:: PROMPT ::
Lines to return, exactly: from the line with "Constant1 : Constant" to the line with "Degrees to Radians1" in the entries below, both included.

[Records contained in a dataset]
==============================
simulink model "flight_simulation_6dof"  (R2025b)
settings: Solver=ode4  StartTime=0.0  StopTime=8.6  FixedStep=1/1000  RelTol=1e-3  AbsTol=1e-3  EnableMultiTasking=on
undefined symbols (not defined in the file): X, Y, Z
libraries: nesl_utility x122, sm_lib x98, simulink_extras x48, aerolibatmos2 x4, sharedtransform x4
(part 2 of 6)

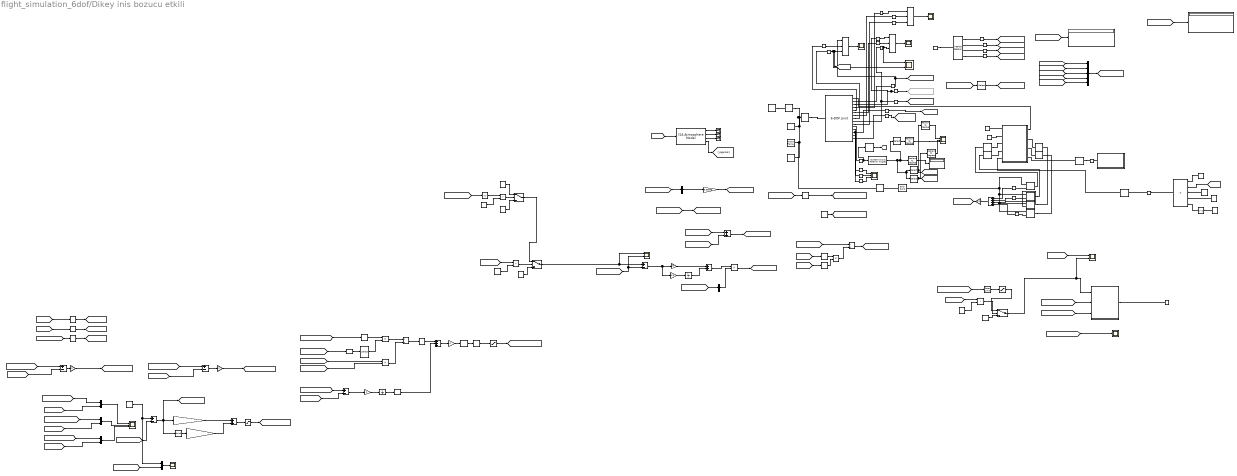
== system flight_simulation_6dof/Dikey inis bozucu etkili ==
  note: 0 itki [N]
  note: Integral Corrector
  note: Ang Velocity to Ang Accel Command
  note: Dynamic Inversion
  note: Ang Velocity to Ang Accel Command
  note: Z Axis
  note: zemine 0.001 metre kala itkiyi 0 yap
  note: Yere 6 metre kala
  note: 6. metreden sonra hizi su olcak
  note: F=1/2 ​ρ.C D. ​A.V rel ​^2
  6-DOF Joint : sm_lib/Joints/6-DOF Joint  JointMode=Normal  CompositeWrenchDir=FollowerOnBase  CompositeWrenchFrame=BaseFrame  SenseConstraintForce=off  SenseConstraintTorque=off  SenseTotalForce=off  SenseTotalTorque=off  PxPositionTargetSpecify=off  PxPositionTargetPriority=High  PxPositionTargetValue=15  PxPositionTargetValueUnits=m  PxVelocityTargetSpecify=off  PxVelocityTargetPriority=High  PxVelocityTargetValue=0  PxVelocityTargetValueUnits=m/s  PxEquilibriumPosition=0  PxEquilibriumPositionUnits=m  PxSpringStiffness=0  PxSpringStiffnessUnits=N/m  PxDampingCoefficient=0  PxDampingCoefficientUnits=N/(m/s)  PxLowerLimitSpecify=off  PxLowerLimitBound=-1  PxLowerLimitBoundUnits=m  PxLowerLimitStiffness=1e6  PxLowerLimitStiffnessUnits=N/m  PxLowerLimitDamping=1e3  PxLowerLimitDampingUnits=N/(m/s)  PxLowerLimitTransitionRegionWidth=1e-4  PxLowerLimitTransitionRegionWidthUnits=m  PxUpperLimitSpecify=off  PxUpperLimitBound=1  PxUpperLimitBoundUnits=m  PxUpperLimitStiffness=1e6  PxUpperLimitStiffnessUnits=N/m  PxUpperLimitDamping=1e3  PxUpperLimitDampingUnits=N/(m/s)  PxUpperLimitTransitionRegionWidth=1e-4  PxUpperLimitTransitionRegionWidthUnits=m  PxTorqueActuationMode=NoTorque  PxMotionActuationMode=ComputedMotion  PxSensePosition=on  PxSenseVelocity=on  PxSenseAcceleration=on  PxSenseTorqueForce=off  PxSenseLowerLimitTorqueForce=off  PxSenseUpperLimitTorqueForce=off  PyPositionTargetSpecify=on  PyPositionTargetPriority=High  PyPositionTargetValue=0  PyPositionTargetValueUnits=m  PyVelocityTargetSpecify=off  PyVelocityTargetPriority=High  PyVelocityTargetValue=0  PyVelocityTargetValueUnits=m/s  PyEquilibriumPosition=0  PyEquilibriumPositionUnits=m  PySpringStiffness=0  PySpringStiffnessUnits=N/m  PyDampingCoefficient=0  PyDampingCoefficientUnits=N/(m/s)  PyLowerLimitSpecify=off  PyLowerLimitBound=-1  PyLowerLimitBoundUnits=m  PyLowerLimitStiffness=1e6  PyLowerLimitStiffnessUnits=N/m  PyLowerLimitDamping=1e3  PyLowerLimitDampingUnits=N/(m/s)  PyLowerLimitTransitionRegionWidth=1e-4  PyLowerLimitTransitionRegionWidthUnits=m  PyUpperLimitSpecify=off  PyUpperLimitBound=1  PyUpperLimitBoundUnits=m  PyUpperLimitStiffness=1e6  PyUpperLimitStiffnessUnits=N/m  PyUpperLimitDamping=1e3  PyUpperLimitDampingUnits=N/(m/s)  PyUpperLimitTransitionRegionWidth=1e-4  PyUpperLimitTransitionRegionWidthUnits=m  PyTorqueActuationMode=NoTorque  PyMotionActuationMode=ComputedMotion  PySensePosition=on  PySenseVelocity=on  PySenseAcceleration=on  PySenseTorqueForce=off  PySenseLowerLimitTorqueForce=off  PySenseUpperLimitTorqueForce=off  PzPositionTargetSpecify=on  PzPositionTargetPriority=High  PzPositionTargetValue=10  PzPositionTargetValueUnits=m  PzVelocityTargetSpecify=off  PzVelocityTargetPriority=High  PzVelocityTargetValue=0  PzVelocityTargetValueUnits=m/s  PzEquilibriumPosition=0  PzEquilibriumPositionUnits=m  PzSpringStiffness=0  PzSpringStiffnessUnits=N/m  PzDampingCoefficient=0  PzDampingCoefficientUnits=N/(m/s)  PzLowerLimitSpecify=off  PzLowerLimitBound=-1  PzLowerLimitBoundUnits=m  PzLowerLimitStiffness=1e6  PzLowerLimitStiffnessUnits=N/m  PzLowerLimitDamping=1e3  PzLowerLimitDampingUnits=N/(m/s)  PzLowerLimitTransitionRegionWidth=1e-4  PzLowerLimitTransitionRegionWidthUnits=m  PzUpperLimitSpecify=off  PzUpperLimitBound=1  PzUpperLimitBoundUnits=m  PzUpperLimitStiffness=1e6  PzUpperLimitStiffnessUnits=N/m  PzUpperLimitDamping=1e3  PzUpperLimitDampingUnits=N/(m/s)  PzUpperLimitTransitionRegionWidth=1e-4  PzUpperLimitTransitionRegionWidthUnits=m  PzTorqueActuationMode=NoTorque  PzMotionActuationMode=ComputedMotion  PzSensePosition=on  PzSenseVelocity=on  PzSenseAcceleration=on  PzSenseTorqueForce=off  PzSenseLowerLimitTorqueForce=off  PzSenseUpperLimitTorqueForce=off  SphPositionTargetSpecify=on  SphPositionTargetPriority=High  SphPositionTargetRotationMethod=StandardAxis  SphPositionTargetFollAlignAxisA=+X  SphPositionTargetBaseAlignAxisA=+Y  SphPositionTargetFollAlignAxisB=+Y  SphPositionTargetBaseAlignAxisB=+Z  SphPositionTargetRotationStandardAxis=+Y  SphPositionTargetRotationAngle=15  SphPositionTargetRotationAngleUnits=deg  SphPositionTargetRotationArbitraryAxis=[1 1 0]  SphPositionTargetRotationSequenceAxes=FollowerAxes  SphPositionTargetRotationSequence=XYX  SphPositionTargetRotationSequenceAngles=[0 0 0]  SphPositionTargetRotationSequenceAnglesUnits=deg  SphPositionTargetRotationMatrix=[1 0 0;0 1 0;0 0 1]  SphPositionTargetQuaternion=[1 0 0 0]  SphVelocityTargetSpecify=off  SphVelocityTargetPriority=High  SphVelocityTargetValue=[0 0 0]  SphVelocityTargetValueUnits=deg/s  SphVelocityTargetInFollowerFrame=on  SphEqPosRotationMethod=None  SphEqPosFollAlignAxisA=+X  SphEqPosBaseAlignAxisA=+Y  SphEqPosFollAlignAxisB=+Y  SphEqPosBaseAlignAxisB=+Z  SphEqPosRotationStandardAxis=+Z  SphEqPosRotationAngle=0  SphEqPosRotationAngleUnits=deg  SphEqPosRotationArbitraryAxis=[0 0 1]  SphEqPosRotationSequenceAxes=FollowerAxes  SphEqPosRotationSequence=XYX  SphEqPosRotationSequenceAngles=[0 0 0]  SphEqPosRotationSequenceAnglesUnits=deg  SphEqPosRotationMatrix=[1 0 0;0 1 0;0 0 1]  SphEqPosQuaternion=[1 0 0 0]  SphSpringStiffness=0  SphSpringStiffnessUnits=N*m/deg  SphDampingCoefficient=0  SphDampingCoefficientUnits=N*m/(deg/s)  SphLowerLimitSpecify=off  SphLowerLimitBound=15  SphLowerLimitBoundUnits=deg  SphLowerLimitStiffness=1e4  SphLowerLimitStiffnessUnits=N*m/deg  SphLowerLimitDamping=10  SphLowerLimitDampingUnits=N*m/(deg/s)  SphLowerLimitTransitionRegionWidth=0.1  SphLowerLimitTransitionRegionWidthUnits=deg  SphUpperLimitSpecify=off  SphUpperLimitBound=45  SphUpperLimitBoundUnits=deg  SphUpperLimitStiffness=1e4  SphUpperLimitStiffnessUnits=N*m/deg  SphUpperLimitDamping=10  SphUpperLimitDampingUnits=N*m/(deg/s)  SphUpperLimitTransitionRegionWidth=0.1  SphUpperLimitTransitionRegionWidthUnits=deg  SphTorqueActuationMode=NoTorque  SphActuateTorqueX=off  SphActuateTorqueY=off  SphActuateTorqueZ=off  SphActuateTorque=off  SphActuationFrame=BaseFrame  SphSensePosition=on  SphSenseVelocityX=on  SphSenseVelocityY=on  SphSenseVelocityZ=on  SphSenseVelocity=off  SphSenseAccelerationX=off  SphSenseAccelerationY=on  SphSenseAccelerationZ=off  SphSenseAcceleration=off  SphSenseLowerLimitTorqueMag=off  SphSenseUpperLimitTorqueMag=off  SphSensingFrame=BaseFrame
  Abs : Abs  SaturateOnIntegerOverflow=off
  Add : Sum
  Add{1..3,5..6} (5 alike) : Sum  Inputs=+-
  Add4 : Sum  Inputs=3
  Add7 : Sum
  Add8 : Sum  Inputs=4
  Add9 : Sum
  Alan : Constant  Value=0.25
  Asin1 : Trigonometry  Operator=asin
  Bus Creator : BusCreator  Inputs=5
  Bus Selector : BusSelector  OutputSignals=mass_kg
  Bus Selector1 : BusSelector  OutputSignals=mass_kg
  CD​≈1 : Constant
  Connection Label16 : ConnectionLabel  Label=FN1
  Connection Label17 : ConnectionLabel  Label=FN1
  Connection Label34 : ConnectionLabel  Label=Nozzle_Frame
  Connection Label35 : ConnectionLabel  Label=Nozzle_Frame
  Constant : Constant  Value=0
  Constant1 : Constant
  Constant2 : Constant  Value=6
  Constant4 : Constant  Value=1/2
  Constant5 : Constant  Value=0
  Constant6 : Constant  Value=-0.08
  Constant7 : Constant  Value=0.001
  Constant8 : Constant  Value=0
  Cos : Trigonometry  Operator=cos
  Cos1 : Trigonometry  Operator=cos
  Degrees to Radians1 : simulink_extras/Transformations/Degrees to Radians
  Degrees to Radians2 : simulink_extras/Transformations/Degrees to Radians
  Delay : Delay  DelayLength=1
  Delay1 : Delay  DelayLength=1  InitialCondition=25000*10
  Derivative : Derivative
  Display : Display
  Display1 : Display
  Display2 : Display
  Divide : Product  Inputs=*/
  Divide2 : Product  Inputs=*/
  External Force and Torque : sm_lib/Forces and Torques/External Force and Torque  EnableForceX=on  EnableForceY=off  EnableForceZ=off  EnableForce=off  ForceResolutionFrame=AttachedFrame  EnableTorqueX=off  EnableTorqueY=off  EnableTorqueZ=off  EnableTorque=off  TorqueResolutionFrame=AttachedFrame
  Floor : sm_lib/Body Elements/Brick Solid  BrickDimensions=[30 30 2]  BrickDimensionsUnits=m  ExportEntireGeometry=on  InertiaType=CalculateFromGeometry  BasedOnType=Density  Density=0  DensityUnits=kg/m^3  Mass=1  MassUnits=kg  CenterOfMass=[0 0 0]  CenterOfMassUnits=m  MomentsOfInertia=[1 1 1]  MomentsOfInertiaUnits=kg*m^2  ProductsOfInertia=[0 0 0]  ProductsOfInertiaUnits=kg*m^2  GraphicType=FromGeometry  MarkerShape=Sphere  MarkerSize=10  GraphicVisPropType=SimpleVisualProperties  GraphicDiffuseColor=[0.4 0.8 0.0]  GraphicOpacity=1  GraphicSpecularColor=[0.5 0.5 0.5 1.0]  GraphicAmbientColor=[0.15 0.15 0.15 1.0]  GraphicEmissiveColor=[0.0 0.0 0.0 1.0]  GraphicShininess=75  DoExposeReferenceFrame=on  SerializedFrames=<Frames/>
  Gain : Gain  Gain=9.80665
  Gain1 : Gain  Gain=1/4
  Gain2 : Gain  Gain=3
  Gain3 : Gain  Gain=0.263030697386858*5
  Gain4 : Gain
  Gain5 : Gain  Gain=2
  Gain6 : Gain  Gain=-1
  Gain7 : Gain  Gain=2
  Gain8 : Gain  Gain=1.772424617277137*2
  Gain9 : Gain  Gain=0.5
  Goto26 : Goto  Commented=on  GotoTag=x_dot_current_m_s
  Graphic : sm_lib/Body Elements/Graphic  GraphicType=Marker  MarkerShape=Cube  MarkerSize=10  GraphicVisPropType=SimpleVisualProperties  GraphicDiffuseColor=[0.5 0.5 0.5]  GraphicOpacity=1  GraphicSpecularColor=[0.5 0.5 0.5 1.0]  GraphicAmbientColor=[0.15 0.15 0.15 1.0]  GraphicEmissiveColor=[0.0 0.0 0.0 1.0]  GraphicShininess=75
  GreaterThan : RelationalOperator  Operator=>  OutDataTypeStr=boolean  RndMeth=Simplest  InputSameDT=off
==============================
:: TASK RESPONSE ::
  Constant1 : Constant
  Constant2 : Constant  Value=6
  Constant4 : Constant  Value=1/2
  Constant5 : Constant  Value=0
  Constant6 : Constant  Value=-0.08
  Constant7 : Constant  Value=0.001
  Constant8 : Constant  Value=0
  Cos : Trigonometry  Operator=cos
  Cos1 : Trigonometry  Operator=cos
  Degrees to Radians1 : simulink_extras/Transformations/Degrees to Radians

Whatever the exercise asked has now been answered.